- Interactive map of 19 Mayıs Tunnel 19 Mayıs Tüneli

Overview
- Location: Havza, Samsun Province
- Coordinates: 40°55′13″N 35°38′35″E﻿ / ﻿40.92028°N 35.64306°E 19 Mayıs Tunnel Location of 19 Mayıs Tunnel in Turkey
- Status: Operational
- Route: D.795 E95

Operation
- Work began: 2005
- Constructed: Fermanoğlu Construction Company
- Opened: February 15, 2009; 17 years ago
- Operator: General Directorate of Highways
- Traffic: automotive

Technical
- Length: 280 and 260 m (920 and 850 ft)
- No. of lanes: 2 x 2
- Operating speed: 80 km/h (50 mph)

= 19 Mayıs Tunnel =

Highway tunnel in Turkey

19 Mayıs Tunnel (19 Mayıs Tüneli), is a highway tunnel constructed on the Samsun-Çorum highway in Samsun Province, northern Turkey.

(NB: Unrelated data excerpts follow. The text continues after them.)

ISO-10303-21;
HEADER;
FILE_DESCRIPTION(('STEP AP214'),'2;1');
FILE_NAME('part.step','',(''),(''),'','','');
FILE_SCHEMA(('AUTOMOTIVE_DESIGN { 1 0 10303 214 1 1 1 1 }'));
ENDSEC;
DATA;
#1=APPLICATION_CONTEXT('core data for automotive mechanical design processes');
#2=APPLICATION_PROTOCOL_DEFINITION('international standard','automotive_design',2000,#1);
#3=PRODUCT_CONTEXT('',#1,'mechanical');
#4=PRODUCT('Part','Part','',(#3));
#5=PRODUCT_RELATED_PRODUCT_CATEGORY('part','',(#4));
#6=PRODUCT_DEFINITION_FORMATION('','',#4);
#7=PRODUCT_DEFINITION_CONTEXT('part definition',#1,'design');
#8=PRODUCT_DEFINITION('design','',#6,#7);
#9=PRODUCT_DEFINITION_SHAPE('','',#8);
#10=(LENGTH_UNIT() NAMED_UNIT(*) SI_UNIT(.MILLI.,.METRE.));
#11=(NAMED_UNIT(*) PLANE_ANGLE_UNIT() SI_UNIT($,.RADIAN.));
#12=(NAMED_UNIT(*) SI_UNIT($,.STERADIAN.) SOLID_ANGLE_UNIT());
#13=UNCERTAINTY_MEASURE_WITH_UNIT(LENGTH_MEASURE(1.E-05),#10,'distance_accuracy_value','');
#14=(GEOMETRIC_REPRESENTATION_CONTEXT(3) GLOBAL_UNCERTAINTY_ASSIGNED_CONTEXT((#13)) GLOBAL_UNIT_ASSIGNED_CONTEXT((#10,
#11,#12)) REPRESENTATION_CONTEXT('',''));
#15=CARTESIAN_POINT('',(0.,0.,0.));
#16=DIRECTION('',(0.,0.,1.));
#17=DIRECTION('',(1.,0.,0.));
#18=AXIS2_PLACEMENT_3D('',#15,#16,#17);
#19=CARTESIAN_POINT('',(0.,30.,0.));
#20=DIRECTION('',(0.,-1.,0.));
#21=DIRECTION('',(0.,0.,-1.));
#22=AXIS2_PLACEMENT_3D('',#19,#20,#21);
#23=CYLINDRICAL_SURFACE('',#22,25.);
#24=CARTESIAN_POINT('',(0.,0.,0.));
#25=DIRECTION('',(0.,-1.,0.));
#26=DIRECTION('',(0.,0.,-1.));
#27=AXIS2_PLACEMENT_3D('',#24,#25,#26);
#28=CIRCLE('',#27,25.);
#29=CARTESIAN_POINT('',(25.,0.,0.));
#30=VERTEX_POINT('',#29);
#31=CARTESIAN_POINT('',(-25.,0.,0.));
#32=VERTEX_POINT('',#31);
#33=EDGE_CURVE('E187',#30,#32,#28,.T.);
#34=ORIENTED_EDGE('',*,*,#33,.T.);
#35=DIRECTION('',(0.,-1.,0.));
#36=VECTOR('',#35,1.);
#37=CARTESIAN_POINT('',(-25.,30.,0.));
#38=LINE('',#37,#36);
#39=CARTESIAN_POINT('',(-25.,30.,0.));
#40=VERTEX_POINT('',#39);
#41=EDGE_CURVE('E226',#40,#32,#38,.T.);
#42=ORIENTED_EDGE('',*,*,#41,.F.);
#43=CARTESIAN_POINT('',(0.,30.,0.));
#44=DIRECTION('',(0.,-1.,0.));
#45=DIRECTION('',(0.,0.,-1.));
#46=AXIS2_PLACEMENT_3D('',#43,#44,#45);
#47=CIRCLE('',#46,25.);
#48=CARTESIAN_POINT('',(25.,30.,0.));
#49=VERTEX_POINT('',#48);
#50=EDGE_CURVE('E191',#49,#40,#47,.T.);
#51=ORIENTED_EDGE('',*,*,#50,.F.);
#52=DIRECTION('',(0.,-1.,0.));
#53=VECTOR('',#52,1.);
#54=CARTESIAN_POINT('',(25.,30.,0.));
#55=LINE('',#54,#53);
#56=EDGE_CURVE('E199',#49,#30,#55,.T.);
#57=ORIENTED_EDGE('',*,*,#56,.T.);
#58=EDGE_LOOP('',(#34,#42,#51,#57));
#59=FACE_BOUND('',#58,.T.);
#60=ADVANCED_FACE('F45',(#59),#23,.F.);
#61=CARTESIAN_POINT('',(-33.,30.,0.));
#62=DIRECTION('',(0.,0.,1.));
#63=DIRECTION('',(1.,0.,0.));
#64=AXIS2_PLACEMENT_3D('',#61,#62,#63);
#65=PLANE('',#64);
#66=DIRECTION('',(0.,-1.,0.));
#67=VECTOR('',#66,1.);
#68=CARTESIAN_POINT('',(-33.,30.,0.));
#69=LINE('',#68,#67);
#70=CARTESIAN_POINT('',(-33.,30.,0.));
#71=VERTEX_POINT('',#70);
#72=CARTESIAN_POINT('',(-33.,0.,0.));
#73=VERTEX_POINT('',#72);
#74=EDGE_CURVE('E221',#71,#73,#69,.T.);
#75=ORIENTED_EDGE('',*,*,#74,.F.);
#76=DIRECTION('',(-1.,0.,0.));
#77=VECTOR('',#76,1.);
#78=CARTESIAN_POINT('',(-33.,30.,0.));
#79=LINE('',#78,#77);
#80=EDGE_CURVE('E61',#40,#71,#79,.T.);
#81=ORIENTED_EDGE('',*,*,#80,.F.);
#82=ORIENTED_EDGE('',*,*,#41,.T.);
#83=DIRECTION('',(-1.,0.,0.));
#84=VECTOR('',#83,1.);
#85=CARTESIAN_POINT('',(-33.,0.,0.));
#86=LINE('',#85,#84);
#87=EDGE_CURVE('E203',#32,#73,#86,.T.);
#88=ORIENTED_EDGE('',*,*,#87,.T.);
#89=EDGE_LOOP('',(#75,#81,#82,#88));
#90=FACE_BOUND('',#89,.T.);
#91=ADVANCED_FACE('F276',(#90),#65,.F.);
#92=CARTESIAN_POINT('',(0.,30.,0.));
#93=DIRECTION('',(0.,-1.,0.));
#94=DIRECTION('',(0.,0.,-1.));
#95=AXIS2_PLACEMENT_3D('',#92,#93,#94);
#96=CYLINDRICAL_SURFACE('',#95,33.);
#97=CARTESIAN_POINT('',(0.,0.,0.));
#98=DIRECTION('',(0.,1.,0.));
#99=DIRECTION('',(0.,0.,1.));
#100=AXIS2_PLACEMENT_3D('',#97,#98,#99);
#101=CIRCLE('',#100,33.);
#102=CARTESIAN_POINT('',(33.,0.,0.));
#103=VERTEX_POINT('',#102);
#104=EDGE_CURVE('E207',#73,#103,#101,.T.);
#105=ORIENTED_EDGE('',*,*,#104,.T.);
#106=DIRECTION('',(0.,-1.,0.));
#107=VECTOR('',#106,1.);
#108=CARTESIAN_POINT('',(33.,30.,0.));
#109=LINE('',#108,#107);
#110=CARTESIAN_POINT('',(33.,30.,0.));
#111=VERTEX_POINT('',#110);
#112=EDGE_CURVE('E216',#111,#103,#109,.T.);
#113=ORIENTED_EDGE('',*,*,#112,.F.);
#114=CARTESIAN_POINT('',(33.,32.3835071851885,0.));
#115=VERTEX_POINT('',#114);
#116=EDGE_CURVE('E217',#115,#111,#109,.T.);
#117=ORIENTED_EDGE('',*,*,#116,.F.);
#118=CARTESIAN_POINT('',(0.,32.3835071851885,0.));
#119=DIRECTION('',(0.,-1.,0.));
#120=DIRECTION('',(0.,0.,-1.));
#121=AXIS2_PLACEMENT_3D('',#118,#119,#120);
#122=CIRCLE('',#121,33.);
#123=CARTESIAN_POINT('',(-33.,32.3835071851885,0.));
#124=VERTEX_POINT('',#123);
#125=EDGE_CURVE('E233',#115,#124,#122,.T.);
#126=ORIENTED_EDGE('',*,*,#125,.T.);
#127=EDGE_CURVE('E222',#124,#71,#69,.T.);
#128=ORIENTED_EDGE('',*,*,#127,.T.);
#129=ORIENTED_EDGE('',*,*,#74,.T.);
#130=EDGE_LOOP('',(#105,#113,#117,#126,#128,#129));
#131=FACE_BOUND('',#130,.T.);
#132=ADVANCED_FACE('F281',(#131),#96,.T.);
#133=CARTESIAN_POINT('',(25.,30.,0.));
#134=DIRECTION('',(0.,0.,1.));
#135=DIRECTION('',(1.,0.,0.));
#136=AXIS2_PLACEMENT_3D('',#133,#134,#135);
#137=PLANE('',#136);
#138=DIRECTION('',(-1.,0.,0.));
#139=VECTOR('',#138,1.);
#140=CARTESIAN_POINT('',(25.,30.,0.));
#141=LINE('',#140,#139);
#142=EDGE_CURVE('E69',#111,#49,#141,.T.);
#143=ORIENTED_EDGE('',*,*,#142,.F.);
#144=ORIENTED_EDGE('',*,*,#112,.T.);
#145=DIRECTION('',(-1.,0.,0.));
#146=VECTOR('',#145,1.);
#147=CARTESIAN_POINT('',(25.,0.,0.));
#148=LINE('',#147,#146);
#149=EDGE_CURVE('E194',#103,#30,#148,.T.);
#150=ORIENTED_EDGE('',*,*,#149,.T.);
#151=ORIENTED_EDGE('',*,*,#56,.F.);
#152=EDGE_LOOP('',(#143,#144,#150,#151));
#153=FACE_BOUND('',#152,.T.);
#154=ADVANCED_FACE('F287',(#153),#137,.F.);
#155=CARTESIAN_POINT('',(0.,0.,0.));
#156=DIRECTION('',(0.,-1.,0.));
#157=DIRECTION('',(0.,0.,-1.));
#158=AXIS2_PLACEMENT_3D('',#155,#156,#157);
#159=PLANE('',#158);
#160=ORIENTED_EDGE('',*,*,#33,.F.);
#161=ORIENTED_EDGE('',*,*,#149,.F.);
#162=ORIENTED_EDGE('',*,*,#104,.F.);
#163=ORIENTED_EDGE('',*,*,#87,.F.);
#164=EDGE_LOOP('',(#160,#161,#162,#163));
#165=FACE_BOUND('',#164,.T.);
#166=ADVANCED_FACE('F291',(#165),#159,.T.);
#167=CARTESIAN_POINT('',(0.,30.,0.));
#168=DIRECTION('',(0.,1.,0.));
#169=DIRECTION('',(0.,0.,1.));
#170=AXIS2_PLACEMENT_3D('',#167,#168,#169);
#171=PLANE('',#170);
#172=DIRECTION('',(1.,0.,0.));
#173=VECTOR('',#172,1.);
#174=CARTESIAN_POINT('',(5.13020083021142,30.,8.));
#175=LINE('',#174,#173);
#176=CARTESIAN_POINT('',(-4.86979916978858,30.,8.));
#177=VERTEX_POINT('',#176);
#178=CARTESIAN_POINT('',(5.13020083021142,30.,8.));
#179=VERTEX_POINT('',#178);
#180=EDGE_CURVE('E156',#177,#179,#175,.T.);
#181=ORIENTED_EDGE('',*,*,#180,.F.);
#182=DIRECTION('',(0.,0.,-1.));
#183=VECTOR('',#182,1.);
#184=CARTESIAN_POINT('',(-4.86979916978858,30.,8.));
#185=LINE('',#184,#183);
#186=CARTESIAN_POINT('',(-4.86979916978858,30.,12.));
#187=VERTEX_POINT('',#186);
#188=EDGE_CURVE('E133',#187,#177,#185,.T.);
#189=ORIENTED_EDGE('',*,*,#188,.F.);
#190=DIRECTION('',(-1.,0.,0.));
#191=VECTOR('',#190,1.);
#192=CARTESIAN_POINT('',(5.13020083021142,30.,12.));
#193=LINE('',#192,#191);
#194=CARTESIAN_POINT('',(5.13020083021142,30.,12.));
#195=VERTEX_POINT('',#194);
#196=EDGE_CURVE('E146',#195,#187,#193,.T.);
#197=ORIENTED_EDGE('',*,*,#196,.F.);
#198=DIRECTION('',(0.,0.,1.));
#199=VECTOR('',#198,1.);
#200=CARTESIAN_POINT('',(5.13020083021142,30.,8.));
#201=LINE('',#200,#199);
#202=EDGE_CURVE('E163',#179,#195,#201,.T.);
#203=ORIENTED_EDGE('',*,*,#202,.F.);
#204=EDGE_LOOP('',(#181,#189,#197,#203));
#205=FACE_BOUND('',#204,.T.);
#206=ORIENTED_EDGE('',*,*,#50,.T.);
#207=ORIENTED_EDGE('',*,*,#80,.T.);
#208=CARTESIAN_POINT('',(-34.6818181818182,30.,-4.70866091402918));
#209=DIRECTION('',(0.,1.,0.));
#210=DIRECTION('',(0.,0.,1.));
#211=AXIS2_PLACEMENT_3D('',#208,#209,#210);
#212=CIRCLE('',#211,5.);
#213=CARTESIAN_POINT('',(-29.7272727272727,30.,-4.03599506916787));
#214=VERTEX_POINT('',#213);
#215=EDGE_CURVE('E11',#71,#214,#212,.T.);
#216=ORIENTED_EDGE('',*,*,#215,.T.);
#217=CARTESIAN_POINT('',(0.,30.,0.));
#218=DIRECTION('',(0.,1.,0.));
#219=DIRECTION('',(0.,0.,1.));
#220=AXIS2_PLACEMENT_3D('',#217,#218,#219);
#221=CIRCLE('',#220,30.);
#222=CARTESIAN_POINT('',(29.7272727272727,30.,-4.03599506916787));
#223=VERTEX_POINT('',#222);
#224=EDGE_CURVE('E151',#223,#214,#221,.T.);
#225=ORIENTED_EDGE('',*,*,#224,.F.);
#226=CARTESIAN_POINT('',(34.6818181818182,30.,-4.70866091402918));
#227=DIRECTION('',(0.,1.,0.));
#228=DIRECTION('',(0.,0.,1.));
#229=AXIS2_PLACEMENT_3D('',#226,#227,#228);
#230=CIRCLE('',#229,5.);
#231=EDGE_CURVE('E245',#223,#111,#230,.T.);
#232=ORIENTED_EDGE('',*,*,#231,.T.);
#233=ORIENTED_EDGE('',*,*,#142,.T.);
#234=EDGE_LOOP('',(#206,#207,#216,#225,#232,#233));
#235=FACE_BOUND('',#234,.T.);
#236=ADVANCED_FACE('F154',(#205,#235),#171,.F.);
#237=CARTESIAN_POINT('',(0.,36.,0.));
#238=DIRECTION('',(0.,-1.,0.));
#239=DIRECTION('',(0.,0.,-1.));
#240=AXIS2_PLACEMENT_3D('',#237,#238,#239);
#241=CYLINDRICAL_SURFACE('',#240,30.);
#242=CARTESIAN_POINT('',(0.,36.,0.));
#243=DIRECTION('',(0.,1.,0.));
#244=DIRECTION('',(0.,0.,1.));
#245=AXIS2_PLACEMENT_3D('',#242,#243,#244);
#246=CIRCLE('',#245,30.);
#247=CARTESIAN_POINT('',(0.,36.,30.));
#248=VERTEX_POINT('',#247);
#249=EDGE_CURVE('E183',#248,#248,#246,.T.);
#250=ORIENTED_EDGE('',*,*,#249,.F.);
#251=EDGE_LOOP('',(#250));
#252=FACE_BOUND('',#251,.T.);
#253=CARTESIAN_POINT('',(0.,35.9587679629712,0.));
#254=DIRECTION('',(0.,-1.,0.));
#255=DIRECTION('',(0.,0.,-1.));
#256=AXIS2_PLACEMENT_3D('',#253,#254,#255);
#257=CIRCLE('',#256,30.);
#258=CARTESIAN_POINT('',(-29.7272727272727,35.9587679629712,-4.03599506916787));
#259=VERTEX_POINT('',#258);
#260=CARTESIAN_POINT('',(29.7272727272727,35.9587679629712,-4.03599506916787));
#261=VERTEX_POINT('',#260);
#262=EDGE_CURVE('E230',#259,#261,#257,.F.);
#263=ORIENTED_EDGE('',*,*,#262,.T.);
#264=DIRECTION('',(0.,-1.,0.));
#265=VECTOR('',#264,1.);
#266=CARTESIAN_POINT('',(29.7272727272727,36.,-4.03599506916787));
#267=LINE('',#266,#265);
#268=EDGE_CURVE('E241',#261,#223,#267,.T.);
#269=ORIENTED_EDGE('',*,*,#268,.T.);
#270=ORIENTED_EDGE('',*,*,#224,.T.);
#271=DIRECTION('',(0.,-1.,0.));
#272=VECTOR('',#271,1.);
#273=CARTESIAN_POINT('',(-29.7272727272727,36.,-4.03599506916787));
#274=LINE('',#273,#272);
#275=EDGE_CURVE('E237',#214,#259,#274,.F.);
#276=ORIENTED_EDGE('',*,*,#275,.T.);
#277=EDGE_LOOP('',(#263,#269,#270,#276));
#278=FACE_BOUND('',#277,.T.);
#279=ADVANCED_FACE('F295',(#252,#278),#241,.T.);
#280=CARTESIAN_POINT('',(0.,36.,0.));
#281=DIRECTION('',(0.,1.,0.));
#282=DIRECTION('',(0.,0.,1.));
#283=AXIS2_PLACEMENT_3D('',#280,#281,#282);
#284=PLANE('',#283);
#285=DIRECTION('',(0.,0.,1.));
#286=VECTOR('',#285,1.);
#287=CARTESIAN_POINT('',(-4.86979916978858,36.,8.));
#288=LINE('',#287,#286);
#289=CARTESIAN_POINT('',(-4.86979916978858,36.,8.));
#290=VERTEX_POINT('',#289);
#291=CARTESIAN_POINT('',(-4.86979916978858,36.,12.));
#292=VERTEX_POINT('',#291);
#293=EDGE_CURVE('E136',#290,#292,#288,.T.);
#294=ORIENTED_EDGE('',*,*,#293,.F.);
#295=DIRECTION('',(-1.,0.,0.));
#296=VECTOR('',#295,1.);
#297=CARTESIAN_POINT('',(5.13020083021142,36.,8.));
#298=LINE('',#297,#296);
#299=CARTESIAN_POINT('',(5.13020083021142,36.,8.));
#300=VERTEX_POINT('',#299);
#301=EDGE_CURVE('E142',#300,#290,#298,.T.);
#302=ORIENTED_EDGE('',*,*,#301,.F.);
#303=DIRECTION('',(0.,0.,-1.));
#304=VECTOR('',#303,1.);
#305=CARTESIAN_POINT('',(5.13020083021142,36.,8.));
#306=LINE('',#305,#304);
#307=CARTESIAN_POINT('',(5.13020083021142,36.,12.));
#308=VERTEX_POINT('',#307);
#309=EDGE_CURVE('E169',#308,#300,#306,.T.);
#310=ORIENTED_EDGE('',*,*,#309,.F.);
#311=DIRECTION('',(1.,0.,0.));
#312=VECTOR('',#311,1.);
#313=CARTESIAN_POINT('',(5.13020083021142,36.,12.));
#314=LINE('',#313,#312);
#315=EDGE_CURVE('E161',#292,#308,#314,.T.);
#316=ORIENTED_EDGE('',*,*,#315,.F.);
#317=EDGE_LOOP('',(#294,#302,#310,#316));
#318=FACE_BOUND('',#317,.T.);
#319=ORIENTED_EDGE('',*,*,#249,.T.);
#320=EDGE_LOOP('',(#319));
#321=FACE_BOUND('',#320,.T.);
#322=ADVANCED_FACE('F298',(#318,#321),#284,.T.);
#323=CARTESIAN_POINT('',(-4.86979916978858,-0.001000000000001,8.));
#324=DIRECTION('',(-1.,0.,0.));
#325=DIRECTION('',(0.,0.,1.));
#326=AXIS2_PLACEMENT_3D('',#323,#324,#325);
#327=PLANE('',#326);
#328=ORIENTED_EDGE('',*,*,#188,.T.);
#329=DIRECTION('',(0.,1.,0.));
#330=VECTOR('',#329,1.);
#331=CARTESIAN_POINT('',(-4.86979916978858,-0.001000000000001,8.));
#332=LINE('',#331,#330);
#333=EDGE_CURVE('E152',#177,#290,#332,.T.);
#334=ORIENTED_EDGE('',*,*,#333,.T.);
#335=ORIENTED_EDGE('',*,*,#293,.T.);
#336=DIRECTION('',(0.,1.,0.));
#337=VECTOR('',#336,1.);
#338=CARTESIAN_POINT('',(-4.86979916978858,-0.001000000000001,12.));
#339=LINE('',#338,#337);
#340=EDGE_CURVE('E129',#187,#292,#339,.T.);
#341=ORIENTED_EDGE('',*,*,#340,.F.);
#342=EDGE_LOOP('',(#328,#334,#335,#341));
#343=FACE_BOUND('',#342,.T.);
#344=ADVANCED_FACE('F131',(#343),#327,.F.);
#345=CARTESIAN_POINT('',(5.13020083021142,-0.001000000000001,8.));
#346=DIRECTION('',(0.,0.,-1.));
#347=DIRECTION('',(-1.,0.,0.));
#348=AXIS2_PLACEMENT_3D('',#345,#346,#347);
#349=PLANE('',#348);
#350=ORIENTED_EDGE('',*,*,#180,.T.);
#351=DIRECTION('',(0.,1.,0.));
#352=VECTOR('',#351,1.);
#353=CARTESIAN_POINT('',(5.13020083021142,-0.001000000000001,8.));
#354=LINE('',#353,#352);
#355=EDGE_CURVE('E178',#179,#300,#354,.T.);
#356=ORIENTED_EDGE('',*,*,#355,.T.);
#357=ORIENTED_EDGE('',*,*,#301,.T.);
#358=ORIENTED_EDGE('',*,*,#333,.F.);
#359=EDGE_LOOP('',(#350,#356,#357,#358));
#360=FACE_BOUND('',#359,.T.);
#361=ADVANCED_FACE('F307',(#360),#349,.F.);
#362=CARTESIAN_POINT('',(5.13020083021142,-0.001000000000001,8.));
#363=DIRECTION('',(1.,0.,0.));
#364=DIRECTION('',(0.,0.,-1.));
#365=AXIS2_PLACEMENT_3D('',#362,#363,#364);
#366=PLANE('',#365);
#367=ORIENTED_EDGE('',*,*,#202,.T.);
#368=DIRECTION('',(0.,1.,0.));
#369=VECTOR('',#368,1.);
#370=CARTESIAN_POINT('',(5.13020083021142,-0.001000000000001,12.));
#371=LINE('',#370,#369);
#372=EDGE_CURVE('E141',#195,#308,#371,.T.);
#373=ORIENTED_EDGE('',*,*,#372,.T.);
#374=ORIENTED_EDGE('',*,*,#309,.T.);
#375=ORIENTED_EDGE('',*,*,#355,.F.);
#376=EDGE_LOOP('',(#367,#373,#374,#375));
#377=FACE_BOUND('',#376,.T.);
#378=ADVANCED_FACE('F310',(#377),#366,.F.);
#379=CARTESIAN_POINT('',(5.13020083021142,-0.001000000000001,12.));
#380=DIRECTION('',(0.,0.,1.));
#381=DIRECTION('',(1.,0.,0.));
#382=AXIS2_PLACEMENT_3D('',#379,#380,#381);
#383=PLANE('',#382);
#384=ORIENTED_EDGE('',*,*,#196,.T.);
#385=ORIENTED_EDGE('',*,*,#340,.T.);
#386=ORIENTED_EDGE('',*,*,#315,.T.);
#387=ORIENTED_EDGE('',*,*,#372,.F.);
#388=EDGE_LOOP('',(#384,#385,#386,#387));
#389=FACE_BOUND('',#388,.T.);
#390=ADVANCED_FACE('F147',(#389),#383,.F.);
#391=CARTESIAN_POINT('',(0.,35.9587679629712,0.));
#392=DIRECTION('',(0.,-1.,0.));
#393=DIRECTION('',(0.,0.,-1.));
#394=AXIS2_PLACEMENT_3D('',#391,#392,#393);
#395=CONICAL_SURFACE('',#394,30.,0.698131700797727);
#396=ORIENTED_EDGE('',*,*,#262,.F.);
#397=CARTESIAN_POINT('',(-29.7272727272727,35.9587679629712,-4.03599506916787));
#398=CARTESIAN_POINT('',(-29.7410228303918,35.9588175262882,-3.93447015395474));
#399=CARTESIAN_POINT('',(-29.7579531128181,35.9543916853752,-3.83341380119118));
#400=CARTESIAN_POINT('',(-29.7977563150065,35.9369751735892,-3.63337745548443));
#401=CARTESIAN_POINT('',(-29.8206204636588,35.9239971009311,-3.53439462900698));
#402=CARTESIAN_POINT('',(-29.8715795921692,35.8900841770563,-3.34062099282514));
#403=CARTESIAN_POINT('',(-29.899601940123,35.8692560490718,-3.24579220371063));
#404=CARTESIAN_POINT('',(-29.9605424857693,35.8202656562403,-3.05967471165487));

It is situated near Paşapınarı village of Havza, Samsun. The 280 and 260 m-long twin-tube tunnel carrying two lanes of traffic in each direction is flanked by 845–923 m-long Havza Tunnel in the north and 392–392 m-long Şehzadeler Tunnel in the south on the same highway.

The tunnel was opened to traffic on February 15, 2009 by Turkish Prime Minister Recep Tayyip Erdoğan.